Installation¶
deepQuest is written in Python and we highly recommend that you use a Conda environment in order to keep under control your working environment, without interfering with your system-wide configuration, neither former installation of dependencies.
There are a few ways to install deepQuest:
via pip¶
deepQuest can be installed using the python package manager, pip, via one of several methods. We recommend installing within a Conda environment and ensuring you are using the latest versions of setuptools and pip. deepQuest supports python versions 3.6 and 3.7
1. pip install from remote repo¶
Within a conda environment (for example named conda-env
)
(conda-env)$ pip install https://github.com/RSE-Sheffield/deepQuest
2. pip install from remote wheel, tar or zip file¶
Using the URL of a built wheel, tar or zip file from the releases tab of the deepQuest gitHub repo Again, within a conda environment
(conda-env)$ pip install https://github.com/RSE-Sheffield/deepQuest/master/archive/something.whl
3. pip install from local wheel, tar or zip file¶
Download the wheel, tar or zip from the releases tab of the deepQuest gitHub repo to a local location and
(conda-env)$ pip install deepQuest.whl
via Git clone¶
If you need to have access to the source code for development, then we suggest git cloning the deepQuest gitHub repository and installing the package using pip
to run setup.py
.
git clone the gitHub repository and build via setup.py
(conda-env)$ git clone https://github.com/RSE-Sheffield/deepQuest
(conda-env)$ cd deepquest
(conda-env)$ pip install -e .
Note: The -e
option for pip puts the package source code in a user editable location, in this example, it is left in the location from which it is installed, allowing developer changes to the code.
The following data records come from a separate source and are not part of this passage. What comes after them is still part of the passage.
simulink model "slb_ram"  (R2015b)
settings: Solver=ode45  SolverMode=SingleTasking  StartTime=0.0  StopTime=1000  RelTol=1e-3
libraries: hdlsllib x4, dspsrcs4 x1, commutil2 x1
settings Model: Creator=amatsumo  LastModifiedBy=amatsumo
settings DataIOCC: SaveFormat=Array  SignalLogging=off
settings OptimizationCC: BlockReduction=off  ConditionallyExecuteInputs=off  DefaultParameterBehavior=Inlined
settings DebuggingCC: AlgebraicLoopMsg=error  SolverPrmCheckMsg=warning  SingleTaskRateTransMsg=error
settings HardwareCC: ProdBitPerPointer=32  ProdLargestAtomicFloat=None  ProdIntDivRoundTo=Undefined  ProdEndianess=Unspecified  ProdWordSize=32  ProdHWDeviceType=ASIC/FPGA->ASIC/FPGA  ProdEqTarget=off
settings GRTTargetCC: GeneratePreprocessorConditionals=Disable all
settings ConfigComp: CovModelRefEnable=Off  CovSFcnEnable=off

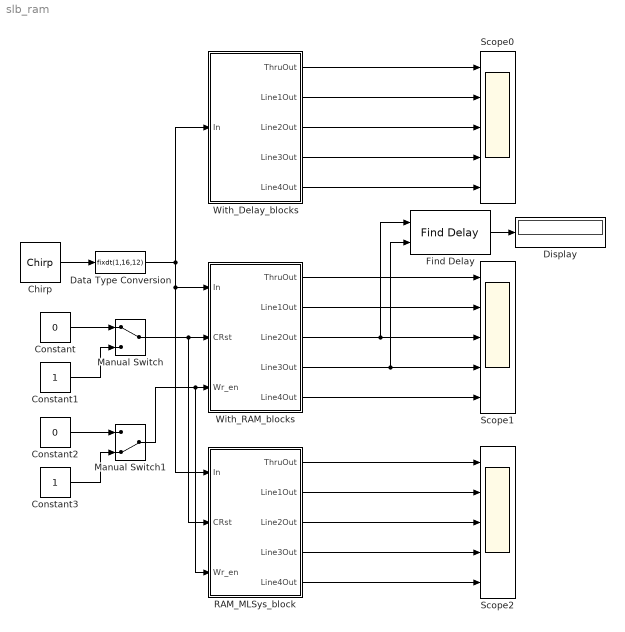
== system slb_ram ==
  Chirp : dspsrcs4/Chirp  sweep=Linear  mode=Unidirectional  f0=0.001  f1=0.1  t1=1000  Tsweep=1000  phase=0  Ts=1  spf=1  datatype=Double  OutputFrames=on
  Constant : Constant  Value=0  OutDataTypeStr=boolean  SampleTime=-1
  Constant1 : Constant  OutDataTypeStr=boolean  SampleTime=-1
  Constant2 : Constant  Value=0  OutDataTypeStr=boolean  SampleTime=-1
  Constant3 : Constant  OutDataTypeStr=boolean  SampleTime=-1
  Data Type Conversion : DataTypeConversion  OutDataTypeStr=fixdt(1,16,12)
  Display : Display
  Find Delay : commutil2/Find Delay  corrLength=600  chgSigOP=off  stopUpdate=off  numConstDelay=3
  Manual Switch : ManualSwitch
  Manual Switch1 : ManualSwitch  CurrentSetting=0
  RAM_MLSys_block : Subsystem
  Scope0 : Scope  NumInputPorts=5
  Scope1 : Scope  NumInputPorts=5
  Scope2 : Scope  NumInputPorts=5
  With_Delay_blocks : Subsystem
  With_RAM_blocks : Subsystem
  wires:
  Constant/1 -> Manual Switch/1
  Constant1/1 -> Manual Switch/2
  Manual Switch/1 -> RAM_MLSys_block/2(CRst), With_RAM_blocks/2(CRst)
  Chirp/1 -> Data Type Conversion/1
  With_RAM_blocks/1(ThruOut) -> Scope1/1
  With_RAM_blocks/2(Line1Out) -> Scope1/2
  With_RAM_blocks/3(Line2Out) -> Scope1/3, Find Delay/1
  With_RAM_blocks/4(Line3Out) -> Scope1/4, Find Delay/2
  With_RAM_blocks/5(Line4Out) -> Scope1/5
  Find Delay/1 -> Display/1
  Data Type Conversion/1 -> RAM_MLSys_block/1(In), With_RAM_blocks/1(In), With_Delay_blocks/1(In)
  Constant2/1 -> Manual Switch1/1
  Constant3/1 -> Manual Switch1/2
  Manual Switch1/1 -> RAM_MLSys_block/3(Wr_en), With_RAM_blocks/3(Wr_en)
  With_Delay_blocks/1(ThruOut) -> Scope0/1
  With_Delay_blocks/2(Line1Out) -> Scope0/2
  With_Delay_blocks/3(Line2Out) -> Scope0/3
  With_Delay_blocks/4(Line3Out) -> Scope0/4
  With_Delay_blocks/5(Line4Out) -> Scope0/5
  RAM_MLSys_block/1(ThruOut) -> Scope2/1
  RAM_MLSys_block/2(Line1Out) -> Scope2/2
  RAM_MLSys_block/3(Line2Out) -> Scope2/3
  RAM_MLSys_block/4(Line3Out) -> Scope2/4
  RAM_MLSys_block/5(Line4Out) -> Scope2/5

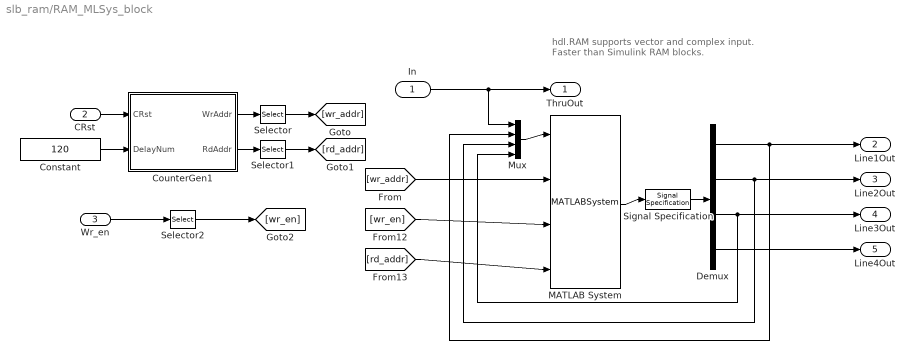
== system slb_ram/RAM_MLSys_block ==
  note: hdl.RAM supports vector and complex input.
      | Faster than Simulink RAM blocks.
  In : Inport
  CRst : Inport  Port=2
  Wr_en : Inport  Port=3
  Constant : Constant  Value=120  OutDataTypeStr=fixdt(0, ceil(log2(120+1)),0)  SampleTime=-1
  CounterGen1 : MATLAB Function  TreatAsAtomicUnit=on
  Demux : Demux
  MATLAB System : MATLABSystem  System=hdl.RAM  RAMType=Simple dual port  WriteOutputValue=New data  SimulateUsing=Code generation
      mask Type: hdl.RAM
      mask Display:
      | disp('RAM');
      | port_label('input',1,'din');
      | port_label('input',2,'wr_addr');
      | port_label('input',3,'wr_en');
      | port_label('input',4,'rd_addr');
      | port_label('output',1,'rd_dout');
  Mux : Mux
  Selector : Selector  InputPortWidth=1  IndexOptions=Index vector (dialog)  Indices=[1 1 1 1]  OutputSizes=1
  Selector1 : Selector  InputPortWidth=1  IndexOptions=Index vector (dialog)  Indices=[1 1 1 1]  OutputSizes=1
  Selector2 : Selector  InputPortWidth=1  IndexOptions=Index vector (dialog)  Indices=[1 1 1 1]  OutputSizes=1
  Signal Specification : SignalSpecification  Dimensions=[4 1]
  ThruOut : Outport
  Line1Out : Outport  Port=2
  Line2Out : Outport  Port=3
  Line3Out : Outport  Port=4
  Line4Out : Outport  Port=5
  wires:
  CounterGen1/2(RdAddr) -> Selector1/1
  CounterGen1/1(WrAddr) -> Selector/1
  Wr_en/1 -> Selector2/1
  Constant/1 -> CounterGen1/2(DelayNum)
  CRst/1 -> CounterGen1/1(CRst)
  Mux/1 -> MATLAB System/1
  MATLAB System/1 -> Signal Specification/1
  Demux/1 -> Line1Out/1, Mux/2
  In/1 -> Mux/1, ThruOut/1
  Demux/2 -> Line2Out/1, Mux/3
  Demux/3 -> Mux/4, Line3Out/1
  Demux/4 -> Line4Out/1
  [wr_addr] -> MATLAB System/2
  Selector/1 -> [wr_addr]
  Selector1/1 -> [rd_addr]
  Selector2/1 -> [wr_en]
  [rd_addr] -> MATLAB System/4
  [wr_en] -> MATLAB System/3
  Signal Specification/1 -> Demux/1

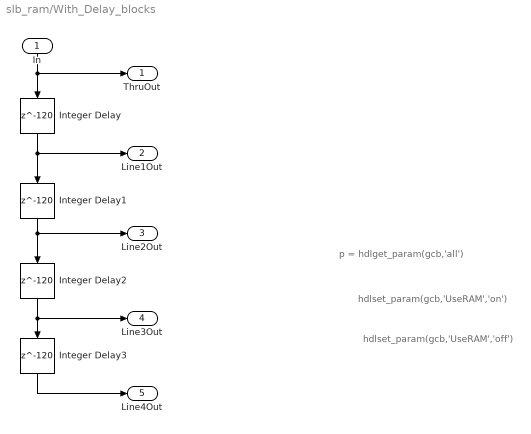
== system slb_ram/With_Delay_blocks ==
  note: hdlset_param(gcb,'UseRAM','off')
  note: hdlset_param(gcb,'UseRAM','on')
  note: p = hdlget_param(gcb,'all')
  In : Inport
  Integer Delay{,1..3} (4 alike) : Delay  DelayLength=120
  ThruOut : Outport
  Line1Out : Outport  Port=2
  Line2Out : Outport  Port=3
  Line3Out : Outport  Port=4
  Line4Out : Outport  Port=5
  wires:
  Integer Delay/1 -> Integer Delay1/1, Line1Out/1
  In/1 -> Integer Delay/1, ThruOut/1
  Integer Delay1/1 -> Integer Delay2/1, Line2Out/1
  Integer Delay2/1 -> Integer Delay3/1, Line3Out/1
  Integer Delay3/1 -> Line4Out/1

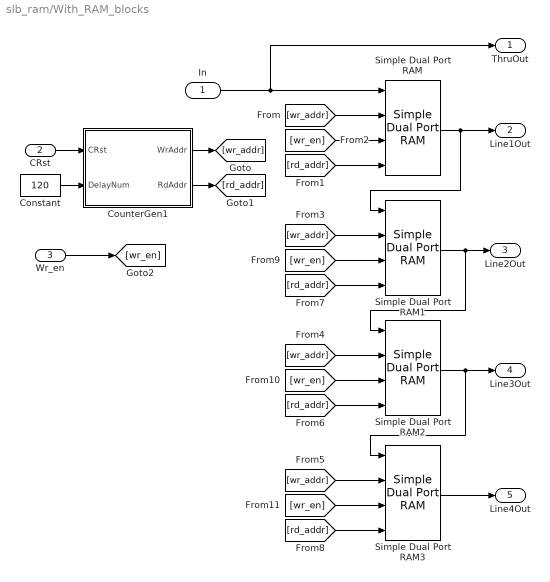
== system slb_ram/With_RAM_blocks ==
  In : Inport
  CRst : Inport  Port=2
  Wr_en : Inport  Port=3
  Constant : Constant  Value=120  OutDataTypeStr=uint8
  CounterGen1 : MATLAB Function  TreatAsAtomicUnit=on
  Simple Dual Port RAM{,1..3} (4 alike) : hdlsllib/HDL Operations/Simple Dual Port RAM  ram_size=8
  ThruOut : Outport
  Line1Out : Outport  Port=2
  Line2Out : Outport  Port=3
  Line3Out : Outport  Port=4
  Line4Out : Outport  Port=5
  wires:
  [wr_en] -> Simple Dual Port RAM3/3
  [wr_en] -> Simple Dual Port RAM2/3
  [wr_en] -> Simple Dual Port RAM1/3
  [wr_en] -> Simple Dual Port RAM/3
  [rd_addr] -> Simple Dual Port RAM3/4
  [rd_addr] -> Simple Dual Port RAM2/4
  [rd_addr] -> Simple Dual Port RAM1/4
  [rd_addr] -> Simple Dual Port RAM/4
  [wr_addr] -> Simple Dual Port RAM3/2
  [wr_addr] -> Simple Dual Port RAM2/2
  [wr_addr] -> Simple Dual Port RAM1/2
  [wr_addr] -> Simple Dual Port RAM/2
  CounterGen1/2(RdAddr) -> [rd_addr]
  CounterGen1/1(WrAddr) -> [wr_addr]
  Wr_en/1 -> [wr_en]
  Constant/1 -> CounterGen1/2(DelayNum)
  Simple Dual Port RAM3/1 -> Line4Out/1
  Simple Dual Port RAM2/1 -> Line3Out/1, Simple Dual Port RAM3/1
  Simple Dual Port RAM1/1 -> Line2Out/1, Simple Dual Port RAM2/1
  Simple Dual Port RAM/1 -> Line1Out/1, Simple Dual Port RAM1/1
  CRst/1 -> CounterGen1/1(CRst)
  In/1 -> ThruOut/1, Simple Dual Port RAM/1

== matlab function slb_ram/With_RAM_blocks/CounterGen1 ==
  data: WrAddr output; RdAddr output; CRst input boolean; DelayNum input
function [WrAddr,RdAddr] = counter(CRst, DelayNum)
% This block supports the Embedded MATLAB subset.
% See the help menu for details. 

% Parameters
% DelayNum=120;
UpperLim = DelayNum;

Type_nt = numerictype(0,8,0);
Type_fm = fimath('OverflowMode', 'wrap', 'RoundMode', 'floor');

persistent CountTemp

if isempty(CountTemp)
	CountTemp = fi(0,Type_nt, Type_fm);
end

% Output Count Down Signal
if ((CountTemp > 0)&&(CRst == 0))
	Temp = CountTemp-fi(1,Type_nt, Type_fm);
	CountTemp = fi(Temp, Type_nt, Type_fm);
else
	CountTemp = fi(UpperLim-1,Type_nt, Type_fm);
end

WrAddr = CountTemp;
if CountTemp <= 0
	Temp1 = fi(UpperLim-1,Type_nt, Type_fm);
	RdAddr = Temp1;
else
	Temp1 = fi(CountTemp-1,Type_nt, Type_fm);
	RdAddr = Temp1;
end

== matlab function slb_ram/RAM_MLSys_block/CounterGen1 ==
  data: WrAddr output; RdAddr output; CRst input boolean; DelayNum input
function [WrAddr,RdAddr] = counter(CRst, DelayNum)
% This block supports the Embedded MATLAB subset.
% See the help menu for details. 

% Parameters
% DelayNum=120;
UpperLim = DelayNum;

Type_nt = numerictype(0,8,0);
Type_fm = fimath('OverflowMode', 'wrap', 'RoundMode', 'floor');

persistent CountTemp

if isempty(CountTemp)
	CountTemp = fi(0,Type_nt, Type_fm);
end

% Output Count Down Signal
if ((CountTemp > 0)&&(CRst == 0))
	Temp = CountTemp-fi(1,Type_nt, Type_fm);
	CountTemp = fi(Temp, Type_nt, Type_fm);
else
	CountTemp = fi(UpperLim-1,Type_nt, Type_fm);
end

WrAddr = CountTemp;
if CountTemp <= 0
	Temp1 = fi(UpperLim-1,Type_nt, Type_fm);
	RdAddr = Temp1;
else
	Temp1 = fi(CountTemp-1,Type_nt, Type_fm);
	RdAddr = Temp1;
end

Please consider contributing useful additions to the code via a gitHub pull request (see ‘How to contribute’).
Computational Requirements¶
deepQuest is GPU compatible and we highly recommend to train your models on GPU with a minimum of 8GB memory available. Of course, if you don’t have access to such resources, you can also use deepQuest on a CPU server. This will considerably extend the training time, especially for complex architecture, such as the POSTECH model (Kim et al., 2017), on large datasets, but architectures such as BiRNN should work fine and take about 12 hours to be trained (while ~20min on GPU).